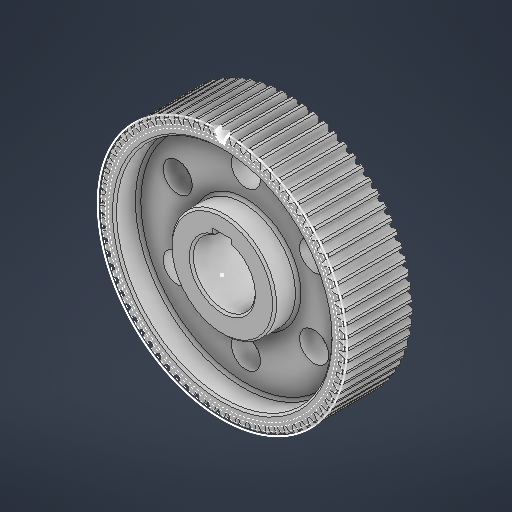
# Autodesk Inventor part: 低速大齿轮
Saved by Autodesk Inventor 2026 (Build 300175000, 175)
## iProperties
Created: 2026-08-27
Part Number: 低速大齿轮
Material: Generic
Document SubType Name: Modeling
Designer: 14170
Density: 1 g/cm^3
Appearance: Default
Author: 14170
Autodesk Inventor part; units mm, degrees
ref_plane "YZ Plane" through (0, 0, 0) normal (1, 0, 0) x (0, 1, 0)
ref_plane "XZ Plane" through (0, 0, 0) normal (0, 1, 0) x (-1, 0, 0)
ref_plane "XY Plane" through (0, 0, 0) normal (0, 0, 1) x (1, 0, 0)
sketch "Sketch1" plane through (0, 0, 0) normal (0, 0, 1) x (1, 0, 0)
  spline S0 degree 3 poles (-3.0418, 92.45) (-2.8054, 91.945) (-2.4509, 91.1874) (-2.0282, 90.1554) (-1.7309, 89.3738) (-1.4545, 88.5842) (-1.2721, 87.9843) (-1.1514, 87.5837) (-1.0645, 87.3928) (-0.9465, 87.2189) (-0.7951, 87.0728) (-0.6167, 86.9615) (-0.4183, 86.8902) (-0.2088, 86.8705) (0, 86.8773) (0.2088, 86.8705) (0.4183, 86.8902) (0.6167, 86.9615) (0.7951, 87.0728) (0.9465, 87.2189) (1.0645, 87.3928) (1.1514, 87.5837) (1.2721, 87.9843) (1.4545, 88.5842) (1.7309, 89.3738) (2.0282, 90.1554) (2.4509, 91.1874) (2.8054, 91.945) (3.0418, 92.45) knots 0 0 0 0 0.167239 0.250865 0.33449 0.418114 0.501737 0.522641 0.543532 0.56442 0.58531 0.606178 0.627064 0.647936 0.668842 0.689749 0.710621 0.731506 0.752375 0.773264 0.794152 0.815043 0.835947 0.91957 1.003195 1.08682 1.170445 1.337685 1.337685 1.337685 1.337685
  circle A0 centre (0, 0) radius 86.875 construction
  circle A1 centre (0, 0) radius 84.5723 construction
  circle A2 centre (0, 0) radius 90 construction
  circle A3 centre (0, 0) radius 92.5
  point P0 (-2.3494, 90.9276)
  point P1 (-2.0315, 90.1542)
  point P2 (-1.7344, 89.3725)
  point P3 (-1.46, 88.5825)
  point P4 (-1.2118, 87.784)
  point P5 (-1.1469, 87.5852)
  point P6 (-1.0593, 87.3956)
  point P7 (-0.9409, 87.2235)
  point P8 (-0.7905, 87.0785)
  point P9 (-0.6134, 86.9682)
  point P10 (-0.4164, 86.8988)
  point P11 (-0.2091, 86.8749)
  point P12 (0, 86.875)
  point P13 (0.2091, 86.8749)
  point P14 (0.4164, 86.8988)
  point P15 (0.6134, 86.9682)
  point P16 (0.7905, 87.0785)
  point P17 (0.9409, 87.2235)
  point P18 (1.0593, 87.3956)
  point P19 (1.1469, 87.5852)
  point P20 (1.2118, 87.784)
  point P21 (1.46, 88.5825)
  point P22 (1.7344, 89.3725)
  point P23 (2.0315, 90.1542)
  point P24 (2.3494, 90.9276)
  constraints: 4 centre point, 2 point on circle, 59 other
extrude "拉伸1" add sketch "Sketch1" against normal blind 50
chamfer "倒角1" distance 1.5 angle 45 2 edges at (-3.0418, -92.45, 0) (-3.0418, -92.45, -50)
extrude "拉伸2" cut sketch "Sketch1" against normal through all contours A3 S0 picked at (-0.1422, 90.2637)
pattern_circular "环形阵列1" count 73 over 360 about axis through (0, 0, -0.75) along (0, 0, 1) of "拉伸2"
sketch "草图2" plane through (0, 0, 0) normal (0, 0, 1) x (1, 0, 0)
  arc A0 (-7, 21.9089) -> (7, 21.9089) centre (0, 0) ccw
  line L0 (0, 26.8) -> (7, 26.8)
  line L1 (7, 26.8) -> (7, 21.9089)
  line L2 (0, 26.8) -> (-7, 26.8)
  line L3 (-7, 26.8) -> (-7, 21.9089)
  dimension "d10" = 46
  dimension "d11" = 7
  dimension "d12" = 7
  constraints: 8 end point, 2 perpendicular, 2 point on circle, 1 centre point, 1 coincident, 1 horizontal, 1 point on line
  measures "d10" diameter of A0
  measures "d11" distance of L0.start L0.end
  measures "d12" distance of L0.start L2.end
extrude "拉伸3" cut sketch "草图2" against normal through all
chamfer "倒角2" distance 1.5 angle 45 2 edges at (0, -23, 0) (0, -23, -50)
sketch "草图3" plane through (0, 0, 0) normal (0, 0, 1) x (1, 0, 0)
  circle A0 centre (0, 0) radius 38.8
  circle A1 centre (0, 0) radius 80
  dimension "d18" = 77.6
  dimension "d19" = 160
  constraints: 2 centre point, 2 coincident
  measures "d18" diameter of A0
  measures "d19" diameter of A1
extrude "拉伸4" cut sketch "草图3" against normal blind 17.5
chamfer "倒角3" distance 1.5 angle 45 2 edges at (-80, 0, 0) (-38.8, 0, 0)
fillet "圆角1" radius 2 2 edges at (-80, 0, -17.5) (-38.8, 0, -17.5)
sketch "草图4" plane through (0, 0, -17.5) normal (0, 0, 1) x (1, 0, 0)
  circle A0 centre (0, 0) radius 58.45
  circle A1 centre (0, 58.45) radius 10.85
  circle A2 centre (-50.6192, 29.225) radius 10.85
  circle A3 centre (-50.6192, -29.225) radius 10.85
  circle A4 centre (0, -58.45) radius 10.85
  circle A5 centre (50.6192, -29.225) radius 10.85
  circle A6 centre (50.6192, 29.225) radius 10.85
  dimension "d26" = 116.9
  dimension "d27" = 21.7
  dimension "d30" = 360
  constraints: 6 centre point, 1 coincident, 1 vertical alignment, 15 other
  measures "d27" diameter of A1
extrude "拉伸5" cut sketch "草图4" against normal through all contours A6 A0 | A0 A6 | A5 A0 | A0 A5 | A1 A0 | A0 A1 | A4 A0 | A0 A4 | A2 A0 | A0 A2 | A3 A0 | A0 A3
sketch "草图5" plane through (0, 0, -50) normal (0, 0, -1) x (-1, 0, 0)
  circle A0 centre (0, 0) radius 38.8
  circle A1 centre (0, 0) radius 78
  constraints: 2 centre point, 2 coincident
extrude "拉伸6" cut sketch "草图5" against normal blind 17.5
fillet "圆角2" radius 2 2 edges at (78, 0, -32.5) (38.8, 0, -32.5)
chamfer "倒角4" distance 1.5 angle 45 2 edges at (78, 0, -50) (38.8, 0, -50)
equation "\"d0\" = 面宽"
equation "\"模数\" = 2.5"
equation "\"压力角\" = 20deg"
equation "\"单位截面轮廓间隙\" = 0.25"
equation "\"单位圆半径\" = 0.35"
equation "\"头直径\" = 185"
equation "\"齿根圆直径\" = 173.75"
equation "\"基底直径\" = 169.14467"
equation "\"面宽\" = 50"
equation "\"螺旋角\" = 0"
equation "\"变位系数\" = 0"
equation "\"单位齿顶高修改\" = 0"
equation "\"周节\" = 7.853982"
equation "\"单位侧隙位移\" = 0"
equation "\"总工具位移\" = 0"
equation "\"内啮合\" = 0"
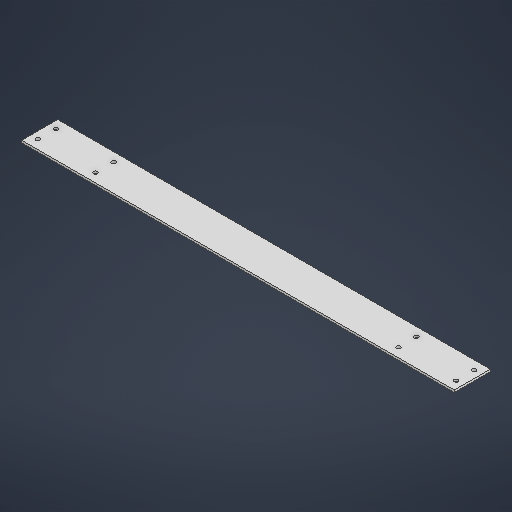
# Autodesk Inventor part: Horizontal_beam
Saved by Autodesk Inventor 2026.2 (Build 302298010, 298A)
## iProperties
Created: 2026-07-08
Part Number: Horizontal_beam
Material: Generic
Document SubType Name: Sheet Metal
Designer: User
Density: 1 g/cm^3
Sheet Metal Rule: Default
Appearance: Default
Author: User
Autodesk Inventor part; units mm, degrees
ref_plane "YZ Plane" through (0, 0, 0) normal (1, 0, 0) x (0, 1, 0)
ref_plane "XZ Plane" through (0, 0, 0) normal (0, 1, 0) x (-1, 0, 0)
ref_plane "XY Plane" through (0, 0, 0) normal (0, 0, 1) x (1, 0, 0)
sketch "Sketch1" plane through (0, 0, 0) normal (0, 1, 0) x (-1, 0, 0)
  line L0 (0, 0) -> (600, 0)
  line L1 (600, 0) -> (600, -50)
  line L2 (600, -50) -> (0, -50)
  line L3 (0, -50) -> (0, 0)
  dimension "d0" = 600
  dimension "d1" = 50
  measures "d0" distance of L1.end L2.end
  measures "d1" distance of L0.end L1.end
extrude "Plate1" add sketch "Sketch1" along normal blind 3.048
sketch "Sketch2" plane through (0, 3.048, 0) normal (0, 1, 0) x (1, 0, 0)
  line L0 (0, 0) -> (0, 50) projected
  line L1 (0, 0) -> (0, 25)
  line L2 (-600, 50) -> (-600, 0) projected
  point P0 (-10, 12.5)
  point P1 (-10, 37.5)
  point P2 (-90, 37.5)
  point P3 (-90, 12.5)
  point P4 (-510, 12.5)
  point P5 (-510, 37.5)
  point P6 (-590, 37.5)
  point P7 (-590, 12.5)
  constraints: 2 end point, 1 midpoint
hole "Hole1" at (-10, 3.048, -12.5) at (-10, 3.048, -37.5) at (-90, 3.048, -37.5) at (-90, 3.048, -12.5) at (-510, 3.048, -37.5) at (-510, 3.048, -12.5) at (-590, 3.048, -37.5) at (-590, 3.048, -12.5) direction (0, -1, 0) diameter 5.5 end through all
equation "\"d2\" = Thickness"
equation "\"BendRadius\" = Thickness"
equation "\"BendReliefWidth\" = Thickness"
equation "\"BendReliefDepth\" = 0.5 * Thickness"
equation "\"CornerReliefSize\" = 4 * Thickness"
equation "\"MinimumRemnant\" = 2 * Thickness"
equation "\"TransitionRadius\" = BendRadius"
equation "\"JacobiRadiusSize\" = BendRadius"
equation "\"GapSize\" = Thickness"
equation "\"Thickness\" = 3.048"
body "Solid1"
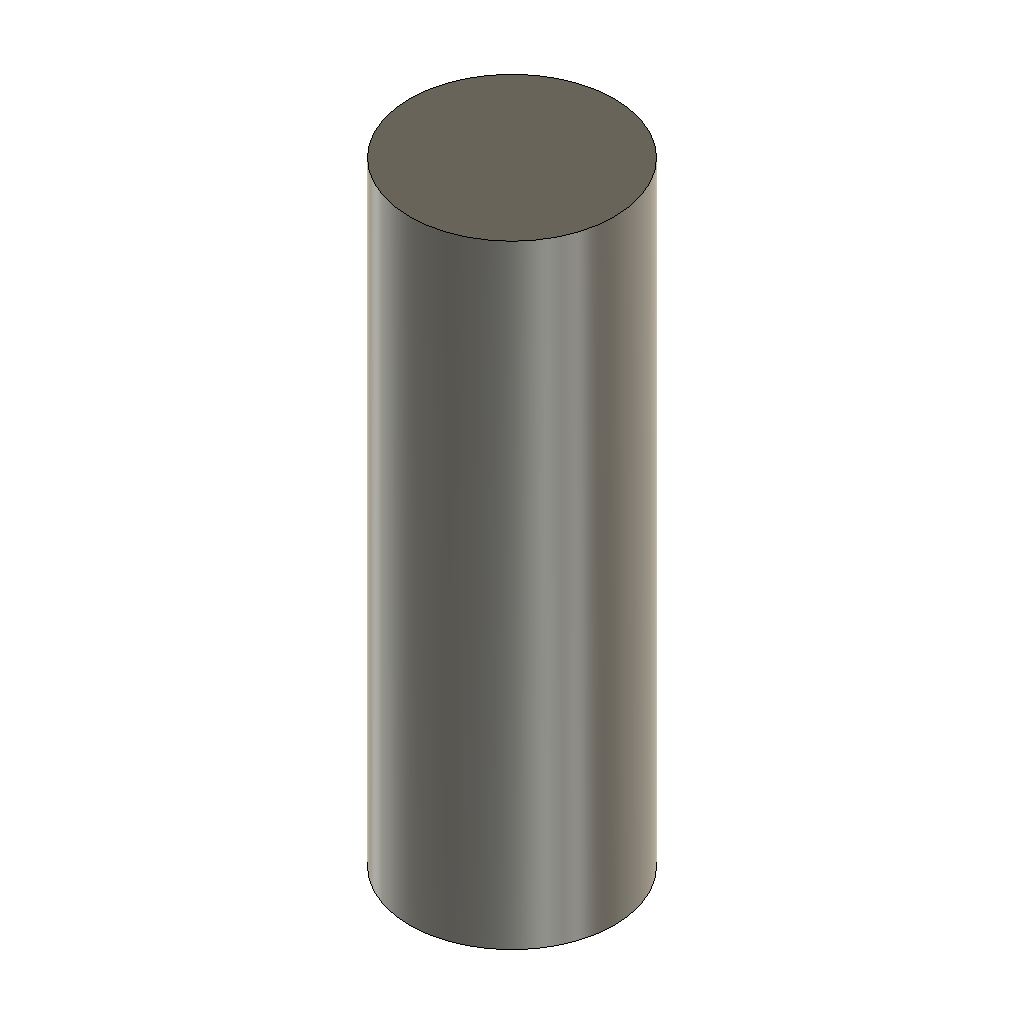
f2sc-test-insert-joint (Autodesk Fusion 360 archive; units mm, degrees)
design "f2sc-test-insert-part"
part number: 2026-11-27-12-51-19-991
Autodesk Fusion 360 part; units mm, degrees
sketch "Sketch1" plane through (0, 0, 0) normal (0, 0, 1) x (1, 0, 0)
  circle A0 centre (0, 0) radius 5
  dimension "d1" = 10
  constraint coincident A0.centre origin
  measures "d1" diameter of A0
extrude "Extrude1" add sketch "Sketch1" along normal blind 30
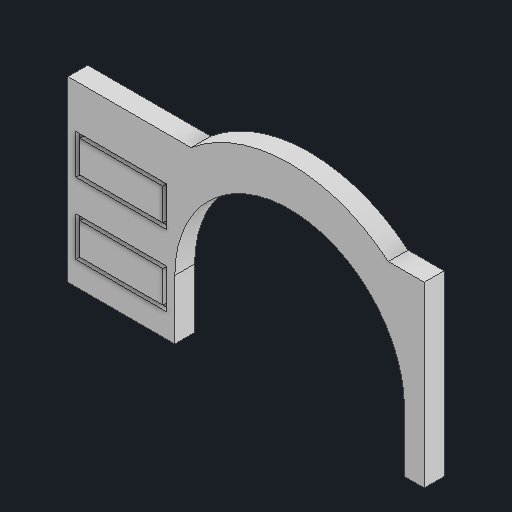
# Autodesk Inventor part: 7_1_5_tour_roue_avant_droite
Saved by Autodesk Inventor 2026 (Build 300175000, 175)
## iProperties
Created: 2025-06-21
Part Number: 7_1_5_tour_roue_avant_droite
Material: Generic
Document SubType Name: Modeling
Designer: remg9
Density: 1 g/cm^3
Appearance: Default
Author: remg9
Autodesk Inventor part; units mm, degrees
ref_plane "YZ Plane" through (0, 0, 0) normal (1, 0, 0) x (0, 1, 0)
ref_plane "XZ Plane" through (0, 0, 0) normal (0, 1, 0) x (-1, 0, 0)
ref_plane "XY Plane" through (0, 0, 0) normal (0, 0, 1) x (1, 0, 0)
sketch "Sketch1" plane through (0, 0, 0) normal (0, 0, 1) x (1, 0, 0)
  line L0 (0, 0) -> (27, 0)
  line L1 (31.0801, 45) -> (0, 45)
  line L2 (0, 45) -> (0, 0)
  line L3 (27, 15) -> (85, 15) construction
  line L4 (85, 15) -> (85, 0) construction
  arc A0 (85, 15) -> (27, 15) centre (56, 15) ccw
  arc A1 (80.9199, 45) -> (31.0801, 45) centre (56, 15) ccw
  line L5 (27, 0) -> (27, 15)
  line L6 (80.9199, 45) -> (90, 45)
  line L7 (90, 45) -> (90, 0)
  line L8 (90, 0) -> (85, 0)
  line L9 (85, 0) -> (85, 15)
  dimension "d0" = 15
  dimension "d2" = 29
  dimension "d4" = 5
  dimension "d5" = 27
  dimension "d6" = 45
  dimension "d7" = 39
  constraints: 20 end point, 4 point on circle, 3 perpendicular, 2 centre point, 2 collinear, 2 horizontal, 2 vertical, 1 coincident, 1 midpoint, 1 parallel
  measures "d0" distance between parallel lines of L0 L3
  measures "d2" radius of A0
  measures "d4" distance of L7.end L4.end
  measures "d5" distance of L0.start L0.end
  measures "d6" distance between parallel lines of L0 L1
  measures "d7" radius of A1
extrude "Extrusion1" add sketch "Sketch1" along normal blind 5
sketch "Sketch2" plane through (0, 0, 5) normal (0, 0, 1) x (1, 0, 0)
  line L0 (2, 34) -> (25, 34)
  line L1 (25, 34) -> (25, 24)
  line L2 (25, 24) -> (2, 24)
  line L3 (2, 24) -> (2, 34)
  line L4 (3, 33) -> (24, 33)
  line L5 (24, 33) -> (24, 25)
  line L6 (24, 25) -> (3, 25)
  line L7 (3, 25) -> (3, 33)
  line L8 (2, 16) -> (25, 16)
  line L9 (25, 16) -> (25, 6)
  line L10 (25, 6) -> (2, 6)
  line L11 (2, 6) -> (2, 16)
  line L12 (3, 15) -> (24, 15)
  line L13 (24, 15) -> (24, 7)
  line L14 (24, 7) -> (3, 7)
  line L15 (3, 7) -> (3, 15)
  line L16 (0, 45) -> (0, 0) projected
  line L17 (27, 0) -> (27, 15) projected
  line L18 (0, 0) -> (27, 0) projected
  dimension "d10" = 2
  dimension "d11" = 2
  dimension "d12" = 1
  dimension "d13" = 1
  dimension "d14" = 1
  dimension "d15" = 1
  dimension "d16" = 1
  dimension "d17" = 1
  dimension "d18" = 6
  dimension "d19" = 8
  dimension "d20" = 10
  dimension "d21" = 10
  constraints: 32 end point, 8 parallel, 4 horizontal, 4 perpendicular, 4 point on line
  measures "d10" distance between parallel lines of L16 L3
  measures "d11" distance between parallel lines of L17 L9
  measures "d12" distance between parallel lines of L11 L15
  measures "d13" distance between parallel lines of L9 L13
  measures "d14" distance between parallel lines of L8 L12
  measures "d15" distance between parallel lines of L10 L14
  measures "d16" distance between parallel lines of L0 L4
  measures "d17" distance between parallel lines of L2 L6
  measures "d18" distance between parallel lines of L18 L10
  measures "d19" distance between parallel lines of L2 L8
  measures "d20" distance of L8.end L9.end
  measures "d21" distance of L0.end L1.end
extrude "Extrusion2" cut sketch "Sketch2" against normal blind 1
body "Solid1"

| What is required |
Exactly as written above, retype the lines starting at the one holding "line L0 (0, 0) -> (600, 0)" and ending at the one holding "Autodesk Fusion 360 part; units mm, degrees", both included, but not the pictures.

| Answer to this task |
  line L0 (0, 0) -> (600, 0)
  line L1 (600, 0) -> (600, -50)
  line L2 (600, -50) -> (0, -50)
  line L3 (0, -50) -> (0, 0)
  dimension "d0" = 600
  dimension "d1" = 50
  measures "d0" distance of L1.end L2.end
  measures "d1" distance of L0.end L1.end
extrude "Plate1" add sketch "Sketch1" along normal blind 3.048
sketch "Sketch2" plane through (0, 3.048, 0) normal (0, 1, 0) x (1, 0, 0)
  line L0 (0, 0) -> (0, 50) projected
  line L1 (0, 0) -> (0, 25)
  line L2 (-600, 50) -> (-600, 0) projected
  point P0 (-10, 12.5)
  point P1 (-10, 37.5)
  point P2 (-90, 37.5)
  point P3 (-90, 12.5)
  point P4 (-510, 12.5)
  point P5 (-510, 37.5)
  point P6 (-590, 37.5)
  point P7 (-590, 12.5)
  constraints: 2 end point, 1 midpoint
hole "Hole1" at (-10, 3.048, -12.5) at (-10, 3.048, -37.5) at (-90, 3.048, -37.5) at (-90, 3.048, -12.5) at (-510, 3.048, -37.5) at (-510, 3.048, -12.5) at (-590, 3.048, -37.5) at (-590, 3.048, -12.5) direction (0, -1, 0) diameter 5.5 end through all
equation "\"d2\" = Thickness"
equation "\"BendRadius\" = Thickness"
equation "\"BendReliefWidth\" = Thickness"
equation "\"BendReliefDepth\" = 0.5 * Thickness"
equation "\"CornerReliefSize\" = 4 * Thickness"
equation "\"MinimumRemnant\" = 2 * Thickness"
equation "\"TransitionRadius\" = BendRadius"
equation "\"JacobiRadiusSize\" = BendRadius"
equation "\"GapSize\" = Thickness"
equation "\"Thickness\" = 3.048"
body "Solid1"
f2sc-test-insert-joint (Autodesk Fusion 360 archive; units mm, degrees)
design "f2sc-test-insert-part"
part number: 2026-11-27-12-51-19-991
Autodesk Fusion 360 part; units mm, degrees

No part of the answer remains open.